Actually, insight is more and more a matter
of
living insightfully. It's not just that you have insight
sometimes, but more and more as you reflect on Dhamma,
then everything is insightful. You see insightfully into life as
it's happening to you. As soon as you think you have to have
special conditions for it, and you're not aware of that, then
you're going to create all sorts of complexities about your
practice.
So I developed letting go: to not concern
myself with attaining or achieving anything. I decided to make
little achievements possible by learning to be a little more
patient, a little more humble, and a little more generous. I
decided to develop this: rather than go out of my way to control
and manipulate the environment with the intention of setting
myself up in the hope of getting high. It became apparent,
through reflection, that the attachment to the insights was the
problem. The insights were valid insights, but there was
attachment to the memory.
Then the insight came that you let go of all
your insights. You don't attach to them. You just keep letting
go of all the insights you have, because otherwise they become
memories, and then memories are conditions of the mind and, if
you attach to them, they can only take you to despair.
In each moment it's as it is. With
anapanasati, one inhalation, at this moment, is
this way. It's not like yesterday's inhalation was.

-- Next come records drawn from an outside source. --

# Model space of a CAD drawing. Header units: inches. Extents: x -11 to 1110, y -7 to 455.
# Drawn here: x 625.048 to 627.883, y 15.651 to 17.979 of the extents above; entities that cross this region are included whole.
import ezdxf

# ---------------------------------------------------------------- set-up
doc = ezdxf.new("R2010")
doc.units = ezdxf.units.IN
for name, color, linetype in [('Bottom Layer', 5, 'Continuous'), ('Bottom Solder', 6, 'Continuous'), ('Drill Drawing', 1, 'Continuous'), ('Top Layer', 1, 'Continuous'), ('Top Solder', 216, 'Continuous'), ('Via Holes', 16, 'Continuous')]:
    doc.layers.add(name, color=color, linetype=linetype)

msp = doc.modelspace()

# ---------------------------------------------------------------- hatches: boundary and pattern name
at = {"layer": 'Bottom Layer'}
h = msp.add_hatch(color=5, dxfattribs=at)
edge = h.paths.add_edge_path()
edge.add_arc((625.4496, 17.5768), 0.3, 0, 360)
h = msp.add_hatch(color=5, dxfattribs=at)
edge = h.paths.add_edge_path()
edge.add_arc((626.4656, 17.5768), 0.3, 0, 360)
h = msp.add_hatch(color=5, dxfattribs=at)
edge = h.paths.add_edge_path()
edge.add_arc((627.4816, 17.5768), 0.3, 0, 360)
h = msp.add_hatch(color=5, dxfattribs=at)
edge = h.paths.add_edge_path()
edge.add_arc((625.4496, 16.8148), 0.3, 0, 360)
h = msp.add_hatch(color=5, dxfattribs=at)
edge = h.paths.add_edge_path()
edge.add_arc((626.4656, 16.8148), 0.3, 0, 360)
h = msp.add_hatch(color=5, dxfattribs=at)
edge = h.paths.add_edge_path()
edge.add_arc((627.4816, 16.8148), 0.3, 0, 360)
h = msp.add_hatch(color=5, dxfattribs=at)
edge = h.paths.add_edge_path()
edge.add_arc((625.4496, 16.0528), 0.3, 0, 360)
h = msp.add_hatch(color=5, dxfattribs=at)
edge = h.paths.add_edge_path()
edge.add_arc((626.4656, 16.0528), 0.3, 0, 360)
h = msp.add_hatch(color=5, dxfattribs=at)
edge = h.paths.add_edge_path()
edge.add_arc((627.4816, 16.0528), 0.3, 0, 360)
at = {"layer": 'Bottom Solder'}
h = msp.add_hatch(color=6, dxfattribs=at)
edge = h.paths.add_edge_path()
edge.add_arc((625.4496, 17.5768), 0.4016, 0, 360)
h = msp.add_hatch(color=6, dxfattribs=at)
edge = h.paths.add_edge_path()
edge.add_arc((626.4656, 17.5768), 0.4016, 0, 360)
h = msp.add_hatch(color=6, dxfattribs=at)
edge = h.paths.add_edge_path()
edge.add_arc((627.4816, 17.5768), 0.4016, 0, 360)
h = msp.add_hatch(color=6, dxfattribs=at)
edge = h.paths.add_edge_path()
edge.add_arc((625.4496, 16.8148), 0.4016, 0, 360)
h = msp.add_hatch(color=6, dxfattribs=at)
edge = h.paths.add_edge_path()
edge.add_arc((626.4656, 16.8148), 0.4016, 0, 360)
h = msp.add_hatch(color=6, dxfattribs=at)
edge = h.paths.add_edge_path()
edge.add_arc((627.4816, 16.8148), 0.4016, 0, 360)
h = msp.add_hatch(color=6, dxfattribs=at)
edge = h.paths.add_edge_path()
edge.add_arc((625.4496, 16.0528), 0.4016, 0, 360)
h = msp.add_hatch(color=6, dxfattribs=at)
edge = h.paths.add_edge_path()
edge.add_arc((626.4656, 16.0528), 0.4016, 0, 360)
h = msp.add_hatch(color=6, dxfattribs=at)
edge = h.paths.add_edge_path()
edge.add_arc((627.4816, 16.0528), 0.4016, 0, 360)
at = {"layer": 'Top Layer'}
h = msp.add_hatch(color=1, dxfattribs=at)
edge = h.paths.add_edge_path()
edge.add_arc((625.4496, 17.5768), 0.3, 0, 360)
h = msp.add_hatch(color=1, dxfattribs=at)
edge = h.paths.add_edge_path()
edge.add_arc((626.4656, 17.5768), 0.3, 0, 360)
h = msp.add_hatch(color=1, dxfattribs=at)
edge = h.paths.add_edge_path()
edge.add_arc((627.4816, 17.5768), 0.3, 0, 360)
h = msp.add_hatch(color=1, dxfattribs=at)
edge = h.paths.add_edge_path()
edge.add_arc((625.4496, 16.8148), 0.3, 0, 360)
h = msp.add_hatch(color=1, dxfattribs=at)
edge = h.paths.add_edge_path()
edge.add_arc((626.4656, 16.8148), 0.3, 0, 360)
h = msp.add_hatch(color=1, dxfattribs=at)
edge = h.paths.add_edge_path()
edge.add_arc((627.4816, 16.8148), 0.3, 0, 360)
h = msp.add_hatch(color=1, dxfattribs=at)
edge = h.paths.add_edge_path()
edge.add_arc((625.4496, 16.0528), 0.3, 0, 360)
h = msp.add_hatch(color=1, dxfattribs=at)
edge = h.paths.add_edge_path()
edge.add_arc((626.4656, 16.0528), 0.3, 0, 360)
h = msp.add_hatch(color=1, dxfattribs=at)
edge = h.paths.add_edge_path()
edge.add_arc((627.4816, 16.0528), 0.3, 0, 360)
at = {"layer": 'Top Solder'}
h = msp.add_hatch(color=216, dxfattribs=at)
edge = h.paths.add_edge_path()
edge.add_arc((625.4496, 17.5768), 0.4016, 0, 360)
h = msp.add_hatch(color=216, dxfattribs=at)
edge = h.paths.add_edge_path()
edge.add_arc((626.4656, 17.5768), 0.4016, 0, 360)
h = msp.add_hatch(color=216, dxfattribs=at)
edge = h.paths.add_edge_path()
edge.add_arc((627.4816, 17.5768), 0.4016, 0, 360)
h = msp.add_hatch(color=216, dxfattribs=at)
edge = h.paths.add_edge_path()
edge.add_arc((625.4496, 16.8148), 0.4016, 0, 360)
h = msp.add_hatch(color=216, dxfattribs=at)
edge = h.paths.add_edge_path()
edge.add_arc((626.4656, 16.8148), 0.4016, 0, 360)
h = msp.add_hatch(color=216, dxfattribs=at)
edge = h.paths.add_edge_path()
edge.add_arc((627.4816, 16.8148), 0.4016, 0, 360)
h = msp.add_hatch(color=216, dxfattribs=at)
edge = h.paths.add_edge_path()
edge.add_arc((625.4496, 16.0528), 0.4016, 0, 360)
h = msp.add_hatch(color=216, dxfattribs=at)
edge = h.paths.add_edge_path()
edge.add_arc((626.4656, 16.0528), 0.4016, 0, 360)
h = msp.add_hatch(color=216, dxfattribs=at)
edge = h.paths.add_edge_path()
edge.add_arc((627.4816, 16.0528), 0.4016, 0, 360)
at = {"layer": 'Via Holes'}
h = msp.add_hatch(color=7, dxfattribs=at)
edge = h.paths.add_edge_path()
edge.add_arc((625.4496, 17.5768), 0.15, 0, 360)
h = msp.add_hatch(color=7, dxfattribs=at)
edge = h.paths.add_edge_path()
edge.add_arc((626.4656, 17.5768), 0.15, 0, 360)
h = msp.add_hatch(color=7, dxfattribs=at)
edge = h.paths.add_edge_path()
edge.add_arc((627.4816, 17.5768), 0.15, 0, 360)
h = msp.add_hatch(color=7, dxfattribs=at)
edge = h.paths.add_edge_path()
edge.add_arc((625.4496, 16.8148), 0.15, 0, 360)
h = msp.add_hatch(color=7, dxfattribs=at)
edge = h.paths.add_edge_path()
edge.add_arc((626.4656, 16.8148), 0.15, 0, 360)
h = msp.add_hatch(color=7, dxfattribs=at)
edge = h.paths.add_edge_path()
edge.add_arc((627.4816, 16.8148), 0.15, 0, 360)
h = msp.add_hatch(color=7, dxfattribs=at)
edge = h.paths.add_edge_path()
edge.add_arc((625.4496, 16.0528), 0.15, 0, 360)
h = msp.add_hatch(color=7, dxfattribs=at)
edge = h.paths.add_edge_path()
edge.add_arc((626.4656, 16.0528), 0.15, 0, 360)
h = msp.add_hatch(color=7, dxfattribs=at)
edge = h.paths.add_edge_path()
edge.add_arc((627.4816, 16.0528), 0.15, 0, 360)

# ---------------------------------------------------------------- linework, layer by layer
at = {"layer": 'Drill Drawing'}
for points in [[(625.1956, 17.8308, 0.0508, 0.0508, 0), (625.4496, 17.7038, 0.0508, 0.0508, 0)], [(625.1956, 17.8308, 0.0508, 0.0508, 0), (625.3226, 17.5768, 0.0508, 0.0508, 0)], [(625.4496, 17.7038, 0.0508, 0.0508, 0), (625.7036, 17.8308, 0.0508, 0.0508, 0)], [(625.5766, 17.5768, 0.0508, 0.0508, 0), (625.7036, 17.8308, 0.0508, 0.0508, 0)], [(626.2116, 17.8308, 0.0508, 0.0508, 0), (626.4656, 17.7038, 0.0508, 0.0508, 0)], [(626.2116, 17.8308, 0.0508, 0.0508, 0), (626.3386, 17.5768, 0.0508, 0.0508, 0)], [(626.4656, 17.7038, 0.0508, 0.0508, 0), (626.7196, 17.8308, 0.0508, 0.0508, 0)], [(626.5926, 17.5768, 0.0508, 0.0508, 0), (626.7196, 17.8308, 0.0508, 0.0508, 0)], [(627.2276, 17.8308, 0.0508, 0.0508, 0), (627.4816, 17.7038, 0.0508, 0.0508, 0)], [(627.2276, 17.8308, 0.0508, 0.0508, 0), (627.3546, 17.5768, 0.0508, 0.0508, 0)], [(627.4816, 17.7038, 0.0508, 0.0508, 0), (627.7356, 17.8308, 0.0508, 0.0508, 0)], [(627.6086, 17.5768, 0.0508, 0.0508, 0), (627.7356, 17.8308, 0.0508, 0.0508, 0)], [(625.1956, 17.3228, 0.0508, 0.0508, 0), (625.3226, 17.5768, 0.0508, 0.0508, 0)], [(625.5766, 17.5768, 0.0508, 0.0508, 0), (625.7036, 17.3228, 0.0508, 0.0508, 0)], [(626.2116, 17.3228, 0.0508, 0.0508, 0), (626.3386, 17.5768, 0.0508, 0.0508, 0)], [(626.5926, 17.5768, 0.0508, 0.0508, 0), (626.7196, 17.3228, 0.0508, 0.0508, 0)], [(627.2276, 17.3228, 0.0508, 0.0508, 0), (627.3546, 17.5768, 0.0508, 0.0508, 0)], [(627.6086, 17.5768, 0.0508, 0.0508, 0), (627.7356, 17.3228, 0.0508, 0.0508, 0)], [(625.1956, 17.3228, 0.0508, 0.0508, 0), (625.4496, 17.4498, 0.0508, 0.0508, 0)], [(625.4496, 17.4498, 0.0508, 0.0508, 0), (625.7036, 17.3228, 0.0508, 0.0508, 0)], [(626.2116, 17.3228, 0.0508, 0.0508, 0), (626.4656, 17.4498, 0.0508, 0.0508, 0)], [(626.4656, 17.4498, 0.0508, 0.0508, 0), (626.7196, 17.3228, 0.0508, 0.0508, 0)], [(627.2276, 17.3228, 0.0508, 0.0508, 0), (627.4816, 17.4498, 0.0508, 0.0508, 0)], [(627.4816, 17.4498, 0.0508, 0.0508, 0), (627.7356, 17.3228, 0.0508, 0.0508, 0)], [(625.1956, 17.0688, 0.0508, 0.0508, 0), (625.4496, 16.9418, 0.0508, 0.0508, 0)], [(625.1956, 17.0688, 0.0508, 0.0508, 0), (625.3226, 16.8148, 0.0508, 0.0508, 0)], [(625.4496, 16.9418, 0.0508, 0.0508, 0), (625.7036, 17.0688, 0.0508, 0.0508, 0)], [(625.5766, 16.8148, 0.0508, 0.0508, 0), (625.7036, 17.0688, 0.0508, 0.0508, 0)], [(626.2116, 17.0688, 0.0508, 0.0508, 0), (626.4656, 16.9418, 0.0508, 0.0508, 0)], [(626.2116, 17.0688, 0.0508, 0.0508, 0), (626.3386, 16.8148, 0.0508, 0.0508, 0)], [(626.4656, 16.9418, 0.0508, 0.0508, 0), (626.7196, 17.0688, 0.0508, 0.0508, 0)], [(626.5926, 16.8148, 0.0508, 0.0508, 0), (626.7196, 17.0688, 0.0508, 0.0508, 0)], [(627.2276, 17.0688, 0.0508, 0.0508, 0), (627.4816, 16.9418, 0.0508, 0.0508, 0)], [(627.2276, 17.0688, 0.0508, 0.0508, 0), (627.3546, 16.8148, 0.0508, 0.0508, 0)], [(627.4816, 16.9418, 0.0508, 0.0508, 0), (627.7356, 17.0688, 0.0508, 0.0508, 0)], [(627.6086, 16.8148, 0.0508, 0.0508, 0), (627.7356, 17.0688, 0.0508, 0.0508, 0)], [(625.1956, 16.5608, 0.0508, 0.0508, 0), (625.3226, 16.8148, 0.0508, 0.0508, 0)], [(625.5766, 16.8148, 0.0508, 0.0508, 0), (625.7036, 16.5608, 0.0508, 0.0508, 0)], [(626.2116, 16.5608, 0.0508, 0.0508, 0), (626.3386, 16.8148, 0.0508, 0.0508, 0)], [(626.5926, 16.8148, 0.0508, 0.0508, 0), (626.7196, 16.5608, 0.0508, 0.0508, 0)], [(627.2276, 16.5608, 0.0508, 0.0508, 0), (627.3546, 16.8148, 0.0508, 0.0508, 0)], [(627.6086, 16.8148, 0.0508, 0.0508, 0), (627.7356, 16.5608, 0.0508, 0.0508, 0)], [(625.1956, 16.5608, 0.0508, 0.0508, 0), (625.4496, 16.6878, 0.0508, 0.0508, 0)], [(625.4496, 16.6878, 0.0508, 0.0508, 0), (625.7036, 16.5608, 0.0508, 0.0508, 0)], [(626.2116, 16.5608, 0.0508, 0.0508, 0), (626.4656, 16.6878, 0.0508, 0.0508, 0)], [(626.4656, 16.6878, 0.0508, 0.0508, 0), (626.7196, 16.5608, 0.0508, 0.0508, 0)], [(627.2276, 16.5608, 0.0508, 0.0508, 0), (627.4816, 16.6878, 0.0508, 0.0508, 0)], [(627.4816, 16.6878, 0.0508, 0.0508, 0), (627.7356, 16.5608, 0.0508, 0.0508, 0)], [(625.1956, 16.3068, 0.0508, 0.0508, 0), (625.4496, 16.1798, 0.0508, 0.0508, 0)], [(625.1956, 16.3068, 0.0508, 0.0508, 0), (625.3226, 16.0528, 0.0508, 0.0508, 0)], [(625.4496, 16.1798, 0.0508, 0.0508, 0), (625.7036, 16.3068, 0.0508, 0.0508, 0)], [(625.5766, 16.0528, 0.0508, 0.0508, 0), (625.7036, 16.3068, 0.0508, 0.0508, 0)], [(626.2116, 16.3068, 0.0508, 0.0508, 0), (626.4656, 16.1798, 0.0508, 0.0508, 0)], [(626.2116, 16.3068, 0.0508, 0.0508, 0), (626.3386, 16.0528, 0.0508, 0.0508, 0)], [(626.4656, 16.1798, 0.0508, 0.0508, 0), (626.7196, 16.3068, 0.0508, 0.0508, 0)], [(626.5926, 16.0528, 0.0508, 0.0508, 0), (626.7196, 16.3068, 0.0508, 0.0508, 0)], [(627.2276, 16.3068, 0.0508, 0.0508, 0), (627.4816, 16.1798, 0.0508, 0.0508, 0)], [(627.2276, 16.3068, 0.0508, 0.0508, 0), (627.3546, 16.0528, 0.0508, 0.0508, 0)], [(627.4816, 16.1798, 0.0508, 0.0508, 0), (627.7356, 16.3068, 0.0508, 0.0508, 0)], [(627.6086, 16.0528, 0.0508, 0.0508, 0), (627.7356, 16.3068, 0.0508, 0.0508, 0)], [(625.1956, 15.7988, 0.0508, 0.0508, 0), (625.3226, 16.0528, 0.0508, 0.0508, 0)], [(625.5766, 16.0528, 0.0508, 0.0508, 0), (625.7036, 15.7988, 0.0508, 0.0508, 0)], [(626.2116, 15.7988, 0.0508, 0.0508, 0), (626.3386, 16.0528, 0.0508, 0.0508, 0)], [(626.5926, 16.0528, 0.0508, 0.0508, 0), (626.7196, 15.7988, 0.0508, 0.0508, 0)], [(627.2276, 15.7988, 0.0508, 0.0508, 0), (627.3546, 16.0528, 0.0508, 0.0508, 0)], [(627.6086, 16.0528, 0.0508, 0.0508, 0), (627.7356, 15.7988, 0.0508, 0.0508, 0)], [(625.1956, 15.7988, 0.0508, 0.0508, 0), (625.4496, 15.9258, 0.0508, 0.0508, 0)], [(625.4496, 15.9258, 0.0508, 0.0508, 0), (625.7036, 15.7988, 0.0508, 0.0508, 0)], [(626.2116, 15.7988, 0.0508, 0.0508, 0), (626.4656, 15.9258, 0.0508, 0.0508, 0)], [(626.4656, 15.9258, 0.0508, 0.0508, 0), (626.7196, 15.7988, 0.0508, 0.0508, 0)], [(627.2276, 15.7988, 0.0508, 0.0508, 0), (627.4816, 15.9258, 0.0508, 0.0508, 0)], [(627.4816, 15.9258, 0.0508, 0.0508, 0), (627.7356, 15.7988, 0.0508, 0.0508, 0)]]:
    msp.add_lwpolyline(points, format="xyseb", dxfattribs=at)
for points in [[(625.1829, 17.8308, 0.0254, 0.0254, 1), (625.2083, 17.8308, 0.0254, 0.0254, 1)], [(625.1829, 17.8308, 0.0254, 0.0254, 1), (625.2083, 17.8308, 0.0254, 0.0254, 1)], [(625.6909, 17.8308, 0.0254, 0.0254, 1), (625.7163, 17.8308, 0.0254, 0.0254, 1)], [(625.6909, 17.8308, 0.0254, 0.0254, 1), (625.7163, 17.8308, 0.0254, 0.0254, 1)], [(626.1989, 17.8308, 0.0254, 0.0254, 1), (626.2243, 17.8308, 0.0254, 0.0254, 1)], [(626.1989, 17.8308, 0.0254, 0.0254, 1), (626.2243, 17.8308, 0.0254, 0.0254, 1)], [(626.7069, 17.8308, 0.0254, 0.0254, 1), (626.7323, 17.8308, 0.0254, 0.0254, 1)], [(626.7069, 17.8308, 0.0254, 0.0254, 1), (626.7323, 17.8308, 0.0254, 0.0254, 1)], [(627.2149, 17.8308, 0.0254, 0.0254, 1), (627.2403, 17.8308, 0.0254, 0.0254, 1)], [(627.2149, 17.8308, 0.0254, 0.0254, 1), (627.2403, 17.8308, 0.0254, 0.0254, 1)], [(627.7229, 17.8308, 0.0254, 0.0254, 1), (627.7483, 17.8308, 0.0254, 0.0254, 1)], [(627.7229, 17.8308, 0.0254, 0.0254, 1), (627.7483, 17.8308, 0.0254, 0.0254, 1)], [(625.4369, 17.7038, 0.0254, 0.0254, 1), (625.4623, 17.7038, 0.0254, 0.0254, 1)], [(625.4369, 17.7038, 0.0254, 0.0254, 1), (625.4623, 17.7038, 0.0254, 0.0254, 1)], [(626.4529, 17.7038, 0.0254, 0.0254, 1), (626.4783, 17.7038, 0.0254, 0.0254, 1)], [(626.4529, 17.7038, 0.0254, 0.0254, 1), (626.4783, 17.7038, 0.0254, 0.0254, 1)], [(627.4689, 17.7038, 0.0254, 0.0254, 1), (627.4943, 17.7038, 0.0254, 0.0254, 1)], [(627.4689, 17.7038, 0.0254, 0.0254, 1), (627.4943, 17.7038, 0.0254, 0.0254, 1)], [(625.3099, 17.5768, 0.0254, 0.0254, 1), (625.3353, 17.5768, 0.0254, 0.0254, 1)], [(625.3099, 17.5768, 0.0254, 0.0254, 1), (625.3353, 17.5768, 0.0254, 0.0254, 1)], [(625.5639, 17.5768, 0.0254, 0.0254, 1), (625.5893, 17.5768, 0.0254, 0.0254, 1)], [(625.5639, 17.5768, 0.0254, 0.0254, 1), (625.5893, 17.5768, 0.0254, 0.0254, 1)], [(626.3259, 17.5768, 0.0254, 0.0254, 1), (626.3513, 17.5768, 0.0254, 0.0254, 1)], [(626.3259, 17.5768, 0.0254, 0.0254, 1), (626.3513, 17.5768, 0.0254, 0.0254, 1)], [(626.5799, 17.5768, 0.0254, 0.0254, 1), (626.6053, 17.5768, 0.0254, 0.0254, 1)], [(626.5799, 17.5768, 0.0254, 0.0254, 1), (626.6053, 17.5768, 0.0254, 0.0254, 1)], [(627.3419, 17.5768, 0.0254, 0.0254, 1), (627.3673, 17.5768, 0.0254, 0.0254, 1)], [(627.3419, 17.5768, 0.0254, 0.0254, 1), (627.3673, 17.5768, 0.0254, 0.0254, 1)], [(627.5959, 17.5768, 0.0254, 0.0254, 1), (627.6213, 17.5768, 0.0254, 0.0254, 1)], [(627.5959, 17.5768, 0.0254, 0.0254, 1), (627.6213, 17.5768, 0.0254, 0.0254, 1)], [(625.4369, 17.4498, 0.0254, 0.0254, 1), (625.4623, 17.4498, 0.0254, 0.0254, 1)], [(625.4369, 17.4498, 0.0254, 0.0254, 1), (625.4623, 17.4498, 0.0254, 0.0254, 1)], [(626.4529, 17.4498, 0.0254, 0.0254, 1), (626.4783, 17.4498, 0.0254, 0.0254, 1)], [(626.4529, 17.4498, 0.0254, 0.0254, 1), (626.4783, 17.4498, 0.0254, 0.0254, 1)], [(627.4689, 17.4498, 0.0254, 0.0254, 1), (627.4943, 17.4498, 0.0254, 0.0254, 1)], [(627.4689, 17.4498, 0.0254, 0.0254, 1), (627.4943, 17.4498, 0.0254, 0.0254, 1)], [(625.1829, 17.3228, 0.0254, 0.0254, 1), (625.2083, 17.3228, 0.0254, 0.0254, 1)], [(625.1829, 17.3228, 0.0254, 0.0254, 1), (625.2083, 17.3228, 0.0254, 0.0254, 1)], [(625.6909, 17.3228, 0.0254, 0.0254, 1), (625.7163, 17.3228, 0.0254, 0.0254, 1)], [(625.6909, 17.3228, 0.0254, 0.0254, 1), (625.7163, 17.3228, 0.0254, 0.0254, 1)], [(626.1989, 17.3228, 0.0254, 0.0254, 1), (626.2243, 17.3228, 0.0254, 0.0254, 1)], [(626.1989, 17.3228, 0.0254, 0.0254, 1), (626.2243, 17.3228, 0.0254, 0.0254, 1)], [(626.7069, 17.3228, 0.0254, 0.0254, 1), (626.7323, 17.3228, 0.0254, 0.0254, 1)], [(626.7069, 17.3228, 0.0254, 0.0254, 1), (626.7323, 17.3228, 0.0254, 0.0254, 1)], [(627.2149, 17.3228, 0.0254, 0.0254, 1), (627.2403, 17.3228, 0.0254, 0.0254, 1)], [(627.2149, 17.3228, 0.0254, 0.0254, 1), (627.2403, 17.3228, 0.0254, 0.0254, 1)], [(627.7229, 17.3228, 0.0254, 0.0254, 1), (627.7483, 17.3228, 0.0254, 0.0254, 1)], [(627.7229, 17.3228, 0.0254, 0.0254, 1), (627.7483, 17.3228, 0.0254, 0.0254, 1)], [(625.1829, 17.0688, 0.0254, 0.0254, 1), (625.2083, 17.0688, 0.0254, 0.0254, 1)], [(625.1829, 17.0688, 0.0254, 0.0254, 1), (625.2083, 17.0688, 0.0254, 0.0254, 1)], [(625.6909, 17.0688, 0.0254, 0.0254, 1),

You're not thinking of yesterday's inhalation and yesterday's
exhalation while you're doing the one now. You're with it
completely, as it is; so you establish that. The reflective
ability is based on establishing your awareness in the way it is
now, rather than having some idea of what you'd like to
get, and then trying to get it in the here and now. Trying to
get yesterday's blissful feeling in the here and now means
you're not aware of the way it is now. You're not with it. Even
with
anapanasatiif you're doing it with the hope of getting
the result that you had yesterday, that will make it impossible
for that result to ever happen.
Last winter, Venerable Vipassi was meditating
in the shrine room and someone was making quite distracting
noises. Talking to Venerable Vipassi about it, I was quite
impressed, because he said first he felt annoyed and then he
decided the noises would be part of the practice. So, he opened
his mind to the meditation hall with everything in it - the
noises, the silence, the whole thing. That's wisdom, isn't it?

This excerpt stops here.